Con el ego por los suelos.
Quise repararlo leyendo mi propio poema, como quien intenta recoger un jarrón roto antes de que alguien vea los trozos. Pero Juanjo, con una sabiduría que solo tienen los que te quieren, me detuvo. Y hizo bien. Porque yo ya estaba trabada, herida por dentro, luchando contra mí misma.
Luego llegó la pregunta sencilla, limpia, sin juicio, de Mari Carmen:
—¿Qué te pasó, que te trabaste?
Y la respuesta fue igual de sencilla:
—La improvisación… no se puede improvisar.
La discapacidad invisible y el diálogo con el ego
Hay discapacidades que no se ven.
No llevan silla de ruedas ni bastón.
No despiertan la compasión inmediata del mundo.
Son esas que aparecen cuando tienes que hablar sin red, cuando la mente corre más que la lengua, cuando el corazón late tan fuerte que desordena las sílabas.
Y entonces ocurre algo curioso:
yo, que tantas veces digo con naturalidad mi discapacidad, hay momentos en los que no me siento una persona discapacitada… hasta que tropiezo.
Ahí aparece el ego.
Ese ego que quiere hacerlo perfecto.
Ese ego que susurra: deberías poder como los demás.
Ese ego que olvida que la vida no va de ejecuciones perfectas, sino de verdades compartidas.
Mi ego cayó al suelo aquel día.
Pero no fue una caída estéril: fue una caída que me recordó quién soy.
La mirada de los otros: el verdadero poema
Lo más hermoso no fue mi lectura.
Fue la mirada de mis amigos.
Nadie le dio importancia.
Nadie me midió por mis tropiezos.
Nadie vio fracaso.
Ellos vieron a Elena.
La que escribe.
La que siente.
La que estaba allí, con ellos, formando parte del camino machadiano.
Y eso es el amor en estado puro:
cuando los demás no te reducen a tu dificultad,
cuando tu torpeza no eclipsa tu verdad.
Aprender para el futuro
Sí, hay una lección.
No desde la culpa.
No desde la exigencia cruel.
Sino desde el cuidado.
Preparar mejor las lecturas.
Ensayar.
Darme tiempo.
Tenderme puentes en lugar de ponerme precipicios.

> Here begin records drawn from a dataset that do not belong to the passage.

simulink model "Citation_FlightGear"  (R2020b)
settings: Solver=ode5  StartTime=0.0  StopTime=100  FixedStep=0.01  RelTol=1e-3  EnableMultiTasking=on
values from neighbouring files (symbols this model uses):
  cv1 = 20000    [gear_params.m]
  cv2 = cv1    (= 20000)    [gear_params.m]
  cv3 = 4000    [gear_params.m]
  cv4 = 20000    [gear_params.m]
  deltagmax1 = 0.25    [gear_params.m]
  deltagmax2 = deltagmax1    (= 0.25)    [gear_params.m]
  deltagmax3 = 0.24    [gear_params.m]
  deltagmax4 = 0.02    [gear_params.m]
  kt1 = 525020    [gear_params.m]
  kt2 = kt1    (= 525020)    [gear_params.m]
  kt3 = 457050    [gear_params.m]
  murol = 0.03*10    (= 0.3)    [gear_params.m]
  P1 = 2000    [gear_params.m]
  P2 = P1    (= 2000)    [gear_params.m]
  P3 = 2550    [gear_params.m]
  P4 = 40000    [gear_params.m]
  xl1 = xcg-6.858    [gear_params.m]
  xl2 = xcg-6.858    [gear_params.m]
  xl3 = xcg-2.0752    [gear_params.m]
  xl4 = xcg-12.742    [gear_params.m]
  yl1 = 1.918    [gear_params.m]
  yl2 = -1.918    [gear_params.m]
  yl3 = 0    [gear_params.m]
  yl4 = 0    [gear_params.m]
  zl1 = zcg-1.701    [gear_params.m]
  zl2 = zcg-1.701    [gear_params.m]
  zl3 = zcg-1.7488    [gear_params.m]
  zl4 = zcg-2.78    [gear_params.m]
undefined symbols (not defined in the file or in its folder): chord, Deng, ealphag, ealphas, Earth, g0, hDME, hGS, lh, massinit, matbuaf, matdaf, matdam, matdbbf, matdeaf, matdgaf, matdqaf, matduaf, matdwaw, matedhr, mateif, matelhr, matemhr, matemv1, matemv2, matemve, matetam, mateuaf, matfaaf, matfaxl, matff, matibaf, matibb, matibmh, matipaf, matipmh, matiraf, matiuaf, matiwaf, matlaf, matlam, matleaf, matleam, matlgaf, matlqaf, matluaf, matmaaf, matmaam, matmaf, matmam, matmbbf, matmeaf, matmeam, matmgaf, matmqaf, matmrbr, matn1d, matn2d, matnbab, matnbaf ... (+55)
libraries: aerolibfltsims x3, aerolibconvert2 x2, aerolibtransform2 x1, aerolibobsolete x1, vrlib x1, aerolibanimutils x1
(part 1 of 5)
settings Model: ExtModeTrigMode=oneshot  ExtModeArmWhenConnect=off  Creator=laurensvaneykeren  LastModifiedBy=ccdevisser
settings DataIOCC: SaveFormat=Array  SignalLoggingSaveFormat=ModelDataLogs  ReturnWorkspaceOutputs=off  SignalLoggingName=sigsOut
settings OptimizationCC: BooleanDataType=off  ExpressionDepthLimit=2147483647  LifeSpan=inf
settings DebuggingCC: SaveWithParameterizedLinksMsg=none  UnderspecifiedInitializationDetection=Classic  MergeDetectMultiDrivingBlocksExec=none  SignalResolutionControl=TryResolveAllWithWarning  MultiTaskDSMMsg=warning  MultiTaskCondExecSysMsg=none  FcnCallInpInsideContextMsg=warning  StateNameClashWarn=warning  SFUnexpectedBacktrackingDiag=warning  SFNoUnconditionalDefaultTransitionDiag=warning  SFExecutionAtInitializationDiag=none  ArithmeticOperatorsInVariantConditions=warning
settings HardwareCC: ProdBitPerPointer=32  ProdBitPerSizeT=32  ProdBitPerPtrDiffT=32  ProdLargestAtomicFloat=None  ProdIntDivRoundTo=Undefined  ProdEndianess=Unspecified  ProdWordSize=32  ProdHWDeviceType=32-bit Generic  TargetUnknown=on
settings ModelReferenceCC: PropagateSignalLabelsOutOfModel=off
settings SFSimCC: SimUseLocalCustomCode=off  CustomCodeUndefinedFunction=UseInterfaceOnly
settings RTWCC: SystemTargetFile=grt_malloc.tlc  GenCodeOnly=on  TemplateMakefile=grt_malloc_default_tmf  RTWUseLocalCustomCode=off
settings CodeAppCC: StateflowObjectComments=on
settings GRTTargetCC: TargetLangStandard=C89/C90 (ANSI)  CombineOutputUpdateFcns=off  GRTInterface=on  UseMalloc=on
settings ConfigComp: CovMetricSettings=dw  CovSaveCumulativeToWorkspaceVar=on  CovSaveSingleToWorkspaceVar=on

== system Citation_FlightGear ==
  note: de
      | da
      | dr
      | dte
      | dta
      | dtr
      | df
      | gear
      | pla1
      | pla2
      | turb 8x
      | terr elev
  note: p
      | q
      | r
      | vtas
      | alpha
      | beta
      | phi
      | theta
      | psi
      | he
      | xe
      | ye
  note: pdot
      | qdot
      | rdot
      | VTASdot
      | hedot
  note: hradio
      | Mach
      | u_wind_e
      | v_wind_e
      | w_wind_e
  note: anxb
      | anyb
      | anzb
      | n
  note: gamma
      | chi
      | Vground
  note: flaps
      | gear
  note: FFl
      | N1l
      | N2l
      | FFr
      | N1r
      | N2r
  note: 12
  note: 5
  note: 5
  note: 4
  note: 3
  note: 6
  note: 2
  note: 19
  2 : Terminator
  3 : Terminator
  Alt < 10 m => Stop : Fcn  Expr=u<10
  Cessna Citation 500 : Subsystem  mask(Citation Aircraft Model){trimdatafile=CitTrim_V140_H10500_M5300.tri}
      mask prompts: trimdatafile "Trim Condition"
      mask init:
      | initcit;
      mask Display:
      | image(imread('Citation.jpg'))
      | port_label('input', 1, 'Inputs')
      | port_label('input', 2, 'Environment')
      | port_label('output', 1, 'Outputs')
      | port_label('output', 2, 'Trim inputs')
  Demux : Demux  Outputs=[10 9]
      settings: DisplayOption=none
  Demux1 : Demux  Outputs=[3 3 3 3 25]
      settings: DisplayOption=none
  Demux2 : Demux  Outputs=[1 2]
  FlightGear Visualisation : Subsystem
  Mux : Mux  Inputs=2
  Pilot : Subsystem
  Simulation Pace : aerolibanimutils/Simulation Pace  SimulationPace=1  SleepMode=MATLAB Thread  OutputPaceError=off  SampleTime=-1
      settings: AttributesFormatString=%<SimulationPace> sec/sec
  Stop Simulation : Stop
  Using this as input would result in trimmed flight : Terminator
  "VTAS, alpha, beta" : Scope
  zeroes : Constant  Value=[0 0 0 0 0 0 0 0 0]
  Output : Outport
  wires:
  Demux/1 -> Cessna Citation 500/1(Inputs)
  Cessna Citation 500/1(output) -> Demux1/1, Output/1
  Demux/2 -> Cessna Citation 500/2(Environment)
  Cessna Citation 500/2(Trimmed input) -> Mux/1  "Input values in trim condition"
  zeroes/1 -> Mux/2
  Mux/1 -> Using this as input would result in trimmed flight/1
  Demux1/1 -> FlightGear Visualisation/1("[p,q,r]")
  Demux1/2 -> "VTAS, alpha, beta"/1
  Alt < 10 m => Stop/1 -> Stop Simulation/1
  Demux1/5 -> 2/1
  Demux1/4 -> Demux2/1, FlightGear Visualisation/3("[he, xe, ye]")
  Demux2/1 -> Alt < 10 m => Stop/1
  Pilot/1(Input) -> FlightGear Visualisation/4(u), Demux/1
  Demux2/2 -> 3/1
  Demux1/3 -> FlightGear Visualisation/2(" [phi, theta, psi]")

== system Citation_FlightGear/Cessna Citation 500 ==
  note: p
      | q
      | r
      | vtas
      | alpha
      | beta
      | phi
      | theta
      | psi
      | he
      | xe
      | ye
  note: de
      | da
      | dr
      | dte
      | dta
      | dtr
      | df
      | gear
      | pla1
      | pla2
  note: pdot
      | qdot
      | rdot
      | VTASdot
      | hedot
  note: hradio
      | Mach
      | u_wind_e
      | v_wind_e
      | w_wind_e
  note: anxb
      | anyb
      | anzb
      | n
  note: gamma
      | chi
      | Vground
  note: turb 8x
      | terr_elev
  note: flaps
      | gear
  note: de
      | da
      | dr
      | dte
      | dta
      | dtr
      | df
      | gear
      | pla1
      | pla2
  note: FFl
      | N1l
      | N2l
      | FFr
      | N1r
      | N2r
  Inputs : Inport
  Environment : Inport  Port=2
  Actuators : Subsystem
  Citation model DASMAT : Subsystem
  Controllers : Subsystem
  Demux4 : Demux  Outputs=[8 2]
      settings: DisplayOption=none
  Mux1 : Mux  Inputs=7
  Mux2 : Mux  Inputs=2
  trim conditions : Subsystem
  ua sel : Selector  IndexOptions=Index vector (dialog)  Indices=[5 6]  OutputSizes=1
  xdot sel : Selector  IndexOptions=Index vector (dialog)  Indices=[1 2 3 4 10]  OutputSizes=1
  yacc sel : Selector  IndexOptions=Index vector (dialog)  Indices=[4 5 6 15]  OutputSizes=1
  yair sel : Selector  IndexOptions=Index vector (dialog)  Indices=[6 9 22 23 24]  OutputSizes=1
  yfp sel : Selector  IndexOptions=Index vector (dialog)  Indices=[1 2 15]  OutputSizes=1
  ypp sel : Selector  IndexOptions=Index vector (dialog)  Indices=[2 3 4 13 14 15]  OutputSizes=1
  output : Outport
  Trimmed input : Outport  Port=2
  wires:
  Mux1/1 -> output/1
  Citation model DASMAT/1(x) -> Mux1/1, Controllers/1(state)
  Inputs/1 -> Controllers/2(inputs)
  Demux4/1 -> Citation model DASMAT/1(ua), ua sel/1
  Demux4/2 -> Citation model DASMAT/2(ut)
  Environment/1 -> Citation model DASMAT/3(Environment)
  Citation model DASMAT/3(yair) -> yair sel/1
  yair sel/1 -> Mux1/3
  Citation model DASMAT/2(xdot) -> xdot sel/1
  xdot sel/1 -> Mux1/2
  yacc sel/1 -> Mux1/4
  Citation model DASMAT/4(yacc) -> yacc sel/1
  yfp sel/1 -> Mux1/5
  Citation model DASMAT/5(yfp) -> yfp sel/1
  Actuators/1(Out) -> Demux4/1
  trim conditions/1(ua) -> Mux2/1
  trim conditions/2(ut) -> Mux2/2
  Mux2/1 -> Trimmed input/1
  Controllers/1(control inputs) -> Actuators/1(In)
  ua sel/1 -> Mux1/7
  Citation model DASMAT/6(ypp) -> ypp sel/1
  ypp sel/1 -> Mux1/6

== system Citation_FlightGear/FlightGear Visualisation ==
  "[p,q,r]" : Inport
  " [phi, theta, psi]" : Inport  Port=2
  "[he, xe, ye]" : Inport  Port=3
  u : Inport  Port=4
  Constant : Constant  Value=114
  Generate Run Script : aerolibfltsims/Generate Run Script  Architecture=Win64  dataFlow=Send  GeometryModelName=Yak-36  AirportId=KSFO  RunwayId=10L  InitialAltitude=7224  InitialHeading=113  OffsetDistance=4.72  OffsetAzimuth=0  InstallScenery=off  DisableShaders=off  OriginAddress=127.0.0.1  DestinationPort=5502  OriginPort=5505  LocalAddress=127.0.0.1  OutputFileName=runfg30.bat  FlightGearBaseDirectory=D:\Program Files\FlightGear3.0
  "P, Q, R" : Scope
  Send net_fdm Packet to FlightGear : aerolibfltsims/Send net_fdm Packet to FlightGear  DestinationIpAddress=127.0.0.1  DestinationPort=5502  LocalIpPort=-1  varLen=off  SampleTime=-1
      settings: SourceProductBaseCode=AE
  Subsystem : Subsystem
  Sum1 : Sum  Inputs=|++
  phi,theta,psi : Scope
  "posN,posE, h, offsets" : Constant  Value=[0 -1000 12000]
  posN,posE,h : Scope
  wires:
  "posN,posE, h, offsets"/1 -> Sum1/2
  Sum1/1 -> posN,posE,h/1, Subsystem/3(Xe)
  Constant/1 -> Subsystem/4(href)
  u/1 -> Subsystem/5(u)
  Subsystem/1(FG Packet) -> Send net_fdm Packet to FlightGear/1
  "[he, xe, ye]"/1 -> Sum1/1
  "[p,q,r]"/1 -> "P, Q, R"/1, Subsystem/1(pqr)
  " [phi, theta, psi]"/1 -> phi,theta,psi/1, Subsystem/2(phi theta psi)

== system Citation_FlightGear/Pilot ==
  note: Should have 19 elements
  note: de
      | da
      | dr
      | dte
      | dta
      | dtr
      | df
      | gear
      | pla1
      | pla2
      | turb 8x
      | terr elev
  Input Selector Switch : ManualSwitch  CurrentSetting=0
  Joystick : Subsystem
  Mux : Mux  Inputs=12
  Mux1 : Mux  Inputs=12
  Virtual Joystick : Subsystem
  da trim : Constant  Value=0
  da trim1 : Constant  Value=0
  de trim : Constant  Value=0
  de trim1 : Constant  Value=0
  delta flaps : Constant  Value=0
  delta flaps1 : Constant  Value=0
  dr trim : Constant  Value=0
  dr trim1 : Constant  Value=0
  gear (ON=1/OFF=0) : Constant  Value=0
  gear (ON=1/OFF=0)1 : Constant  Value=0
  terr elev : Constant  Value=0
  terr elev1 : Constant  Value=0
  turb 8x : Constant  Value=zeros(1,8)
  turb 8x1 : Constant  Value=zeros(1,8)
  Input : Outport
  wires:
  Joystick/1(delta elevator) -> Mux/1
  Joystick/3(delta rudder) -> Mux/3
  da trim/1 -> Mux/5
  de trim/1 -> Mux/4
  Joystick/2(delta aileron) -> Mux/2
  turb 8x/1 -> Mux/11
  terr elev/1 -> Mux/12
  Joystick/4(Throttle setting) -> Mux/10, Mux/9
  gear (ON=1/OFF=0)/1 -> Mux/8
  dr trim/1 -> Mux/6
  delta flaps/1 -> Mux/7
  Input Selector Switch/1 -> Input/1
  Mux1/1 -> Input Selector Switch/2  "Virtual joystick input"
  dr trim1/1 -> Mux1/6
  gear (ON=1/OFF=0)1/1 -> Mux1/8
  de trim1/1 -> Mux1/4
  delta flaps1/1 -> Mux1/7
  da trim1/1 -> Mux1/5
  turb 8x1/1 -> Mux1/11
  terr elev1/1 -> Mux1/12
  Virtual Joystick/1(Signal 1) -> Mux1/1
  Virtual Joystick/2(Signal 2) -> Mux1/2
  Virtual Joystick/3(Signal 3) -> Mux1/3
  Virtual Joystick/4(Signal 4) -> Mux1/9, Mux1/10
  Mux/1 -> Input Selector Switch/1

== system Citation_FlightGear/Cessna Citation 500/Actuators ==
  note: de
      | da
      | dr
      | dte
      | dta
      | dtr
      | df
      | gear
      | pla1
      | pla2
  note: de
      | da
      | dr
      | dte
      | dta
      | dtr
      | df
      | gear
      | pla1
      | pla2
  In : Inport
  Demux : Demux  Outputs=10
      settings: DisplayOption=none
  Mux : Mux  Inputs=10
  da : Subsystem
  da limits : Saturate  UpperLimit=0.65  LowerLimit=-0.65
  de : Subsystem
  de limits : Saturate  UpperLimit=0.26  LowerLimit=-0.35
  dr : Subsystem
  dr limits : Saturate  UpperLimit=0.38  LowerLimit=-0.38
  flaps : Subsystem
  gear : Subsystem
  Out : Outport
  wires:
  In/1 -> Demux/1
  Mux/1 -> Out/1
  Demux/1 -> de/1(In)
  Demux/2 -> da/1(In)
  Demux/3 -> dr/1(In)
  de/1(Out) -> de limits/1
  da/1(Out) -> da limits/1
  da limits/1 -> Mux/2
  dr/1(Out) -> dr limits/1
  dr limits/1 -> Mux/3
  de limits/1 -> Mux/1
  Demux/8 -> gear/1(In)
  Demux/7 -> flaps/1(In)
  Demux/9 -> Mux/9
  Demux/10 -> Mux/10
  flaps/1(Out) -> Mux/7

Porque aceptar la propia fragilidad no significa renunciar a crecer.
Epílogo: la victoria que no se ve
Aquel día no gané en la forma.
Pero gané en lo esencial.
Fui.
Leí.
Me tembló la voz.
No me fui corriendo.
Me quedé.
Y eso, para alguien que ha vivido toda su vida con el miedo a trabarse, es una forma de valentía.
Mi discapacidad no me define.
Mi ego tampoco.
Me define el amor que pongo en los poemas,
la red de amigos que me sostiene,
y esta capacidad de volver a escribir lo vivido
para convertir el temblor en palabra.
Porque, al final, también esto es muy machadiano:
Se hace camino al andar.
Y yo sigo andando. 🌿
Sin duda alguna Elena, todo lo que haces, lo haces desde el corazón, y así te valoramos como bien dices los que te queremos, para mí no hubo ninguna traba, ninguna duda, era Elena en estado puro con sus virtudes y defectos, sencillamente como todos somos.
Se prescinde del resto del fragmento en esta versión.